Segment Open

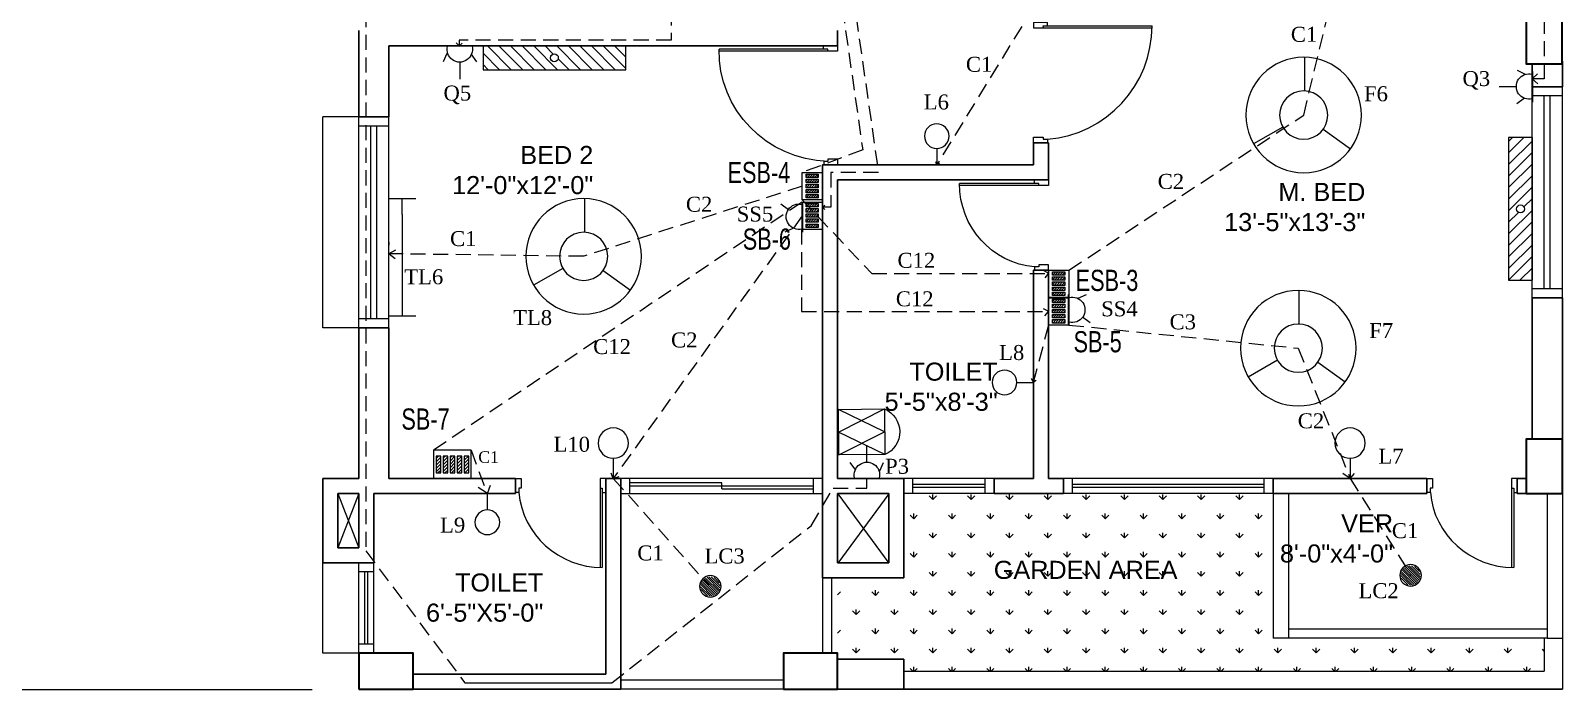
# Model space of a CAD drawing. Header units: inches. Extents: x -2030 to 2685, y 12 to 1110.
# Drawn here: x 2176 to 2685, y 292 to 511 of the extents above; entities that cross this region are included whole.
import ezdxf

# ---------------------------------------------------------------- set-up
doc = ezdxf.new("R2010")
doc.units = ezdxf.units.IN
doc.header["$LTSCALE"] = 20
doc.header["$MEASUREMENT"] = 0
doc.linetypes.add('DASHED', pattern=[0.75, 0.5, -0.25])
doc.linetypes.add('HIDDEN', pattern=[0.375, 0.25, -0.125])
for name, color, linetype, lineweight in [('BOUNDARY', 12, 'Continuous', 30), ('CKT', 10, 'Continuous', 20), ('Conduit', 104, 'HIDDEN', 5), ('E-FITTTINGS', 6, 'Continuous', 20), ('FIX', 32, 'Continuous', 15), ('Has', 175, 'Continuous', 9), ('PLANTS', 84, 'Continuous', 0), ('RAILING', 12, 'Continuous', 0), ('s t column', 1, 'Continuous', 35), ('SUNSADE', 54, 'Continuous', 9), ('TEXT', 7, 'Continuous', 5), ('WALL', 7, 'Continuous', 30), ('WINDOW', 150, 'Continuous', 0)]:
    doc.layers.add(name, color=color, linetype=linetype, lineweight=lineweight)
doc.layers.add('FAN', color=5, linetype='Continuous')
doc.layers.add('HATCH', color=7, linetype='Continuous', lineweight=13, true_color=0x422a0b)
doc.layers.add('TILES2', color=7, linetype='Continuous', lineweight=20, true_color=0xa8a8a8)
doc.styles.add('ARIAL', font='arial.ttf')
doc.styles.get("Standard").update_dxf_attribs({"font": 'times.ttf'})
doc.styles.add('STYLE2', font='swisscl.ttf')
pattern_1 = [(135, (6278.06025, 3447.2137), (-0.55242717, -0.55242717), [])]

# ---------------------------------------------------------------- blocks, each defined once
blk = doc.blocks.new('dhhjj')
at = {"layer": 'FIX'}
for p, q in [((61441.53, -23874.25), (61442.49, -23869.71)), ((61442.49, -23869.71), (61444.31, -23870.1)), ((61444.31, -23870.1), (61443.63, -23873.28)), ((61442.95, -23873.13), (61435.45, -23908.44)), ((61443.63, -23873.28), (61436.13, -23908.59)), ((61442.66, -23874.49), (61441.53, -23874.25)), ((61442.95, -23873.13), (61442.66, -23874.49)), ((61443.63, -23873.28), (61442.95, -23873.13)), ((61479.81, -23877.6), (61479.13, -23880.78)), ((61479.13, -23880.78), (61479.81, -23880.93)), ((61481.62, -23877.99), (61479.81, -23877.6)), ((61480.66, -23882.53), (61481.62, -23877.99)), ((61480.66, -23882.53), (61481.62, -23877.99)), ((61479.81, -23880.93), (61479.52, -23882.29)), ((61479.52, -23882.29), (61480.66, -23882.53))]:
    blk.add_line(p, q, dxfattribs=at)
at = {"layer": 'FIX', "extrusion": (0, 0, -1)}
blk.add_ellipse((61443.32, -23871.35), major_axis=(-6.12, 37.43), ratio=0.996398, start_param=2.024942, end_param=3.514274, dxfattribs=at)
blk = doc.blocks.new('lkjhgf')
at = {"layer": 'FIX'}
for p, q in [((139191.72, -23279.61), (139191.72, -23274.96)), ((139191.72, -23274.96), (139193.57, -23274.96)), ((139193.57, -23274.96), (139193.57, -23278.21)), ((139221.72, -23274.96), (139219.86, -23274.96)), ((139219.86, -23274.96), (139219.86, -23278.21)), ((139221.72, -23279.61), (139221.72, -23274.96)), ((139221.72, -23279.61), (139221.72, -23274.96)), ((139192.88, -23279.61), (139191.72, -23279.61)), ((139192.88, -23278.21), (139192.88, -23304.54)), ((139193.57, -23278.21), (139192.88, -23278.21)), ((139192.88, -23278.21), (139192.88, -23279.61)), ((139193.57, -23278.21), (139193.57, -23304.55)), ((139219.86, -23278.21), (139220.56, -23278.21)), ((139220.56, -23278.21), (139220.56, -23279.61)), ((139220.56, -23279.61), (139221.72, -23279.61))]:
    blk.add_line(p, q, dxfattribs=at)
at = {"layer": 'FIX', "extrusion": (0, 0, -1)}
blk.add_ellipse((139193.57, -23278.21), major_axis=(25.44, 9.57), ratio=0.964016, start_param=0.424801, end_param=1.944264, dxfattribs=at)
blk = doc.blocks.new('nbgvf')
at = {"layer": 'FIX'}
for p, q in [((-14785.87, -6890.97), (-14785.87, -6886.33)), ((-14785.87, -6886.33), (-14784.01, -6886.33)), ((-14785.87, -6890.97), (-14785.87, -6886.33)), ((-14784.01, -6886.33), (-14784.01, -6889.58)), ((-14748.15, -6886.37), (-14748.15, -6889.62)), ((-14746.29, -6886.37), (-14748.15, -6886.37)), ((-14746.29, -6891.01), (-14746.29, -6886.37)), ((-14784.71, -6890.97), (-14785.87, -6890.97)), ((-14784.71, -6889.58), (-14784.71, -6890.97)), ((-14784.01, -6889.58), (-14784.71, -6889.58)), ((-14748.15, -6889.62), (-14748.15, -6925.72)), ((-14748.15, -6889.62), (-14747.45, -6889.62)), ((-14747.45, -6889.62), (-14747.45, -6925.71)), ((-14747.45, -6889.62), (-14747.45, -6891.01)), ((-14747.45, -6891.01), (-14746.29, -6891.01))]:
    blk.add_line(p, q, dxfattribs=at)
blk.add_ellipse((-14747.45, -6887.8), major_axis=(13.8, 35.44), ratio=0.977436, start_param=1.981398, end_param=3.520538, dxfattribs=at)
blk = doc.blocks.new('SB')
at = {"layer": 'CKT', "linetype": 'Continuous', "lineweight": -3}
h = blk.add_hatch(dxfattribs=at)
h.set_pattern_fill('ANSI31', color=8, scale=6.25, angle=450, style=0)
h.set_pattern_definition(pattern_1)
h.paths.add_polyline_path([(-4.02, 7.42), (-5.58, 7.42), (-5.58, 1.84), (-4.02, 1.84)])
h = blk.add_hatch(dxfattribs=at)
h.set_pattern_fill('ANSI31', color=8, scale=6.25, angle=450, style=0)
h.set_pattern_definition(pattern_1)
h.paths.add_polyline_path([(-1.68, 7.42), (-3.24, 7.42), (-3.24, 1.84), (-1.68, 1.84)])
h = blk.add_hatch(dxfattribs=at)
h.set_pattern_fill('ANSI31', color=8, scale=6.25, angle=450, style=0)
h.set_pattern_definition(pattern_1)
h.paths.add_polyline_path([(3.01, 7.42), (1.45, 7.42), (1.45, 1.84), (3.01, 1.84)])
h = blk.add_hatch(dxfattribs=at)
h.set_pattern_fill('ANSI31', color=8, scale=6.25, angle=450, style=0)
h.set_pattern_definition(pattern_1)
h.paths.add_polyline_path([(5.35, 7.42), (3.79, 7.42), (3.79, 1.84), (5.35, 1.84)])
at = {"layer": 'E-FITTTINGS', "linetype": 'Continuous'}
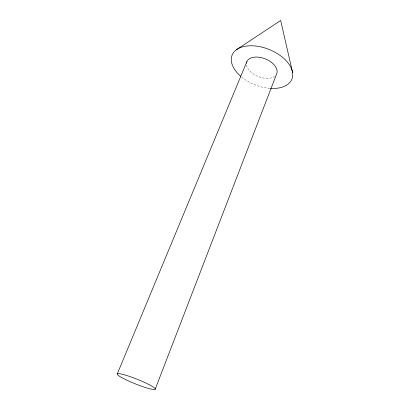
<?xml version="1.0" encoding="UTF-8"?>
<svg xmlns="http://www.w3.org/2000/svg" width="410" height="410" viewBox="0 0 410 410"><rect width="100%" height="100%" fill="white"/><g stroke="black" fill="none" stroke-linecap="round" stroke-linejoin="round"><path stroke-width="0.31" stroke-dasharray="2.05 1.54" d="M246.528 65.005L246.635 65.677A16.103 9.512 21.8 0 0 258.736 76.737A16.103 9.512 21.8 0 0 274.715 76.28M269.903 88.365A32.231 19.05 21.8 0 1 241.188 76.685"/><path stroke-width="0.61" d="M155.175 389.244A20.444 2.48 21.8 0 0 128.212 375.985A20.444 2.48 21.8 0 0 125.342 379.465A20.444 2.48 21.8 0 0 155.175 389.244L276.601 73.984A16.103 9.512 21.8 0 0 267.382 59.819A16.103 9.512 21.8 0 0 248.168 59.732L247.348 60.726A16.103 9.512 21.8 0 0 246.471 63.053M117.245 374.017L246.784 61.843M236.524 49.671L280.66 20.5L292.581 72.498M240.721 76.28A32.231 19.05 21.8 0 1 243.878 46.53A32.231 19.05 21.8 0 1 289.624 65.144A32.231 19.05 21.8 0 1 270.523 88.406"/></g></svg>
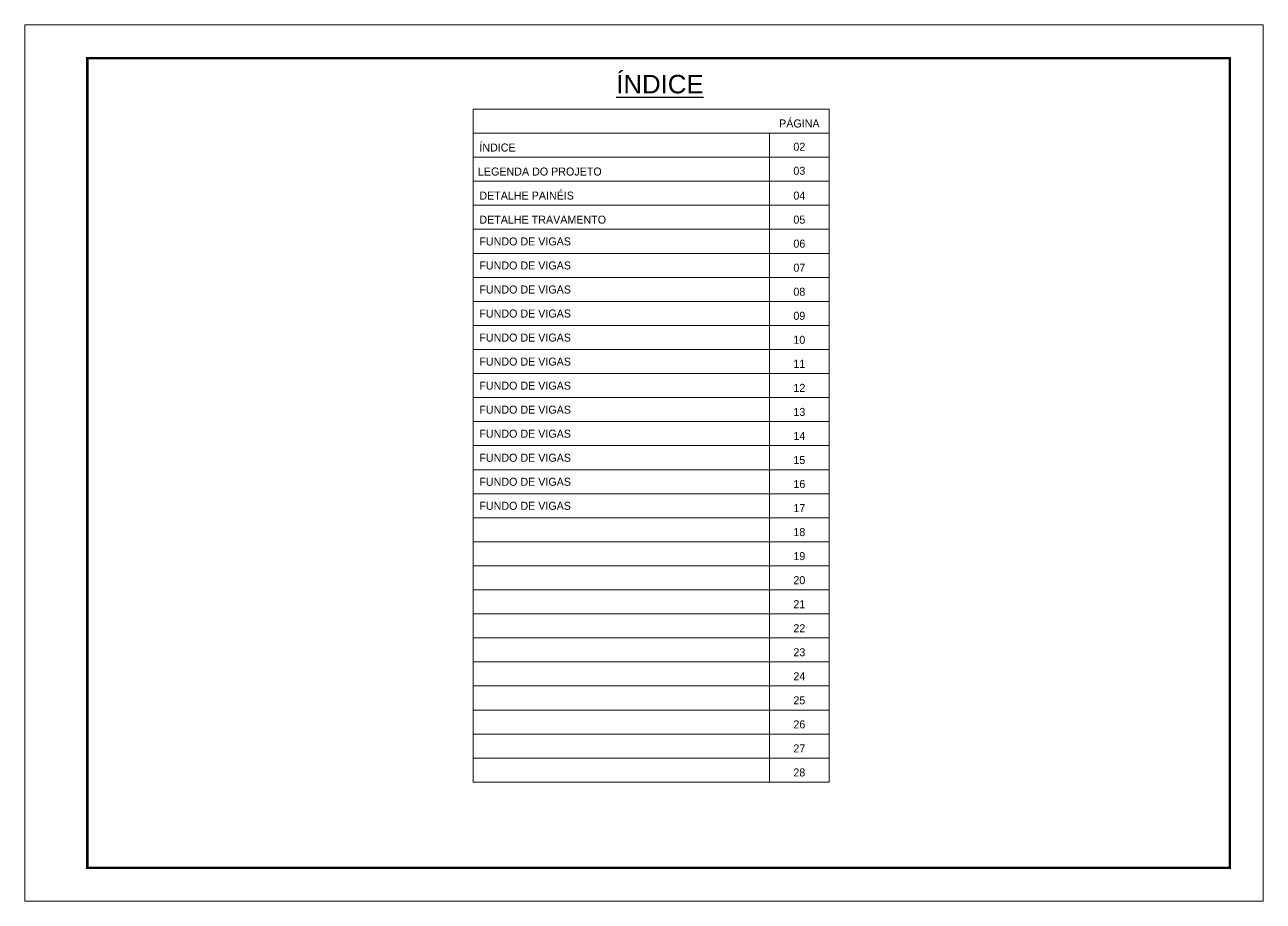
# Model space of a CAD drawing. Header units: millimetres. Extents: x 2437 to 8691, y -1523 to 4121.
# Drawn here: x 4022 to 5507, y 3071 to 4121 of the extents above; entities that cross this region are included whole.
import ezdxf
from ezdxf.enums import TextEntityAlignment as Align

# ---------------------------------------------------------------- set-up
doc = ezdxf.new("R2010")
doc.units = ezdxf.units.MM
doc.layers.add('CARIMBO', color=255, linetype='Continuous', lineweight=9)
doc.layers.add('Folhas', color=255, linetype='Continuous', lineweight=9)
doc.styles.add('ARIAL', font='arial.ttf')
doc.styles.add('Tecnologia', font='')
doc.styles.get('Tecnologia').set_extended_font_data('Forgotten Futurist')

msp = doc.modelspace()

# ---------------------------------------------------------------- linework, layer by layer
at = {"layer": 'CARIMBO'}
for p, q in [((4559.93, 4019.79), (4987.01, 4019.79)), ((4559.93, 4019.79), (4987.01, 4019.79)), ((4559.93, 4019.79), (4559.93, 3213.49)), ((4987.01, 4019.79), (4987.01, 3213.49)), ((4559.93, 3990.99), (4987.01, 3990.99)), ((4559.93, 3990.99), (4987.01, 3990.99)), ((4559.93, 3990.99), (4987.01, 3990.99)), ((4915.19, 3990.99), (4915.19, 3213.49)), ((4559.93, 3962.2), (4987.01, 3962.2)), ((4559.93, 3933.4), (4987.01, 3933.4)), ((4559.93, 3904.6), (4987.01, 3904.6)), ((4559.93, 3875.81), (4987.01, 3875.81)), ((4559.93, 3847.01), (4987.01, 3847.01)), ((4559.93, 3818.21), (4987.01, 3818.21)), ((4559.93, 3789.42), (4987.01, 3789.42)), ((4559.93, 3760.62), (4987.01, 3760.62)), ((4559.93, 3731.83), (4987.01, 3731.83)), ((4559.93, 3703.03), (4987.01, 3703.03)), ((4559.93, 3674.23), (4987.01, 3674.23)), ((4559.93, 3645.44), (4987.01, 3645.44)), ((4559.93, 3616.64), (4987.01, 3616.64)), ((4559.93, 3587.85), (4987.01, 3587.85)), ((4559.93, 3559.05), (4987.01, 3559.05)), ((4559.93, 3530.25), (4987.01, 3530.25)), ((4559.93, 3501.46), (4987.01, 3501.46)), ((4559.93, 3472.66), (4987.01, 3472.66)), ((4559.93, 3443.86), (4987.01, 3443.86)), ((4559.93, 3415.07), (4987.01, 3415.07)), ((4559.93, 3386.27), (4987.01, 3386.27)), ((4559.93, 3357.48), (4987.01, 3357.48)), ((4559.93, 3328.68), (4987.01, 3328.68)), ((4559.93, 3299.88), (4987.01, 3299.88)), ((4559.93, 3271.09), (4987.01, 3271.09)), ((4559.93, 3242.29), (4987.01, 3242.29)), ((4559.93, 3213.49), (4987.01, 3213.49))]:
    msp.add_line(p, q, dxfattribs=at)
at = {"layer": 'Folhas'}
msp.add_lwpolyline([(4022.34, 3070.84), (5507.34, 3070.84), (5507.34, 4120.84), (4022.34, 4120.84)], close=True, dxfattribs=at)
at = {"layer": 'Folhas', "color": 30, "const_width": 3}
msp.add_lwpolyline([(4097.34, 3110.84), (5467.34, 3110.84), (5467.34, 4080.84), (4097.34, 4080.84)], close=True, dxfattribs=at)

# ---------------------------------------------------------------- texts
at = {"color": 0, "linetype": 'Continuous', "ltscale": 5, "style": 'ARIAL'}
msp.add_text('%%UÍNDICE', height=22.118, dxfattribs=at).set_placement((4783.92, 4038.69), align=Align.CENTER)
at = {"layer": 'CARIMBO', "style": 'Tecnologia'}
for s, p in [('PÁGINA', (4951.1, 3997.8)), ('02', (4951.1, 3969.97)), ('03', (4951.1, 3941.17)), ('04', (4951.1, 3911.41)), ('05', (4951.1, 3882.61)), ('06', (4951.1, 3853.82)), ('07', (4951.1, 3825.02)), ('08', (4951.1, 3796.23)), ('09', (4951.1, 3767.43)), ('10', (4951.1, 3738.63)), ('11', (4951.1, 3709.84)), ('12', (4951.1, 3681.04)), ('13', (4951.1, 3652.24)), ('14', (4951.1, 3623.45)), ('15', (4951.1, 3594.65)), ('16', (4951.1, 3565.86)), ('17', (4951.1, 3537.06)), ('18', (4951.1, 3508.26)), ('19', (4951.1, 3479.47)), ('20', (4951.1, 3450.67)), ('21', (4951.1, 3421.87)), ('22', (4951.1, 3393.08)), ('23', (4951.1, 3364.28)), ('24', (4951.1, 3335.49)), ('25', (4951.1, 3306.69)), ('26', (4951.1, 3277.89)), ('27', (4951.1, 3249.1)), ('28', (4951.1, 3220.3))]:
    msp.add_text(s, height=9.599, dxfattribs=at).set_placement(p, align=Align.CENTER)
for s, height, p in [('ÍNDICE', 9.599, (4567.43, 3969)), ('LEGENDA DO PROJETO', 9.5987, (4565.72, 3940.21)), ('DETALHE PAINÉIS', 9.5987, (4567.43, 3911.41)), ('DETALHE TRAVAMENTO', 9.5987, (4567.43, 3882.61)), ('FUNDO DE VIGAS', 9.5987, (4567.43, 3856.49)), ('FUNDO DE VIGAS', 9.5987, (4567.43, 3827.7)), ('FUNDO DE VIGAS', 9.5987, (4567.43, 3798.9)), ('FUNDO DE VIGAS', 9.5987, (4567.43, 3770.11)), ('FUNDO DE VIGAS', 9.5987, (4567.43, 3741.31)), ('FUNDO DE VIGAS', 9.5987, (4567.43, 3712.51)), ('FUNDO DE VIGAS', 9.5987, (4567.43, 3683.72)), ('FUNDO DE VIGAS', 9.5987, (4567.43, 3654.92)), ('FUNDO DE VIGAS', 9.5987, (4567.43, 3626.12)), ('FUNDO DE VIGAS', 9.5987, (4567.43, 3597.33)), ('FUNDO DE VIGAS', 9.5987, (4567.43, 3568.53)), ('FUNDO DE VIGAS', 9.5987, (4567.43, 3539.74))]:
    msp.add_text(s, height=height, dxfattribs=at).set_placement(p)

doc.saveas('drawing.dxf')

Segment Closed

▸ **Exercise**
How many of the lines in the records above include the word "drawing"? State that number alone.

▸ **Output for this task**
3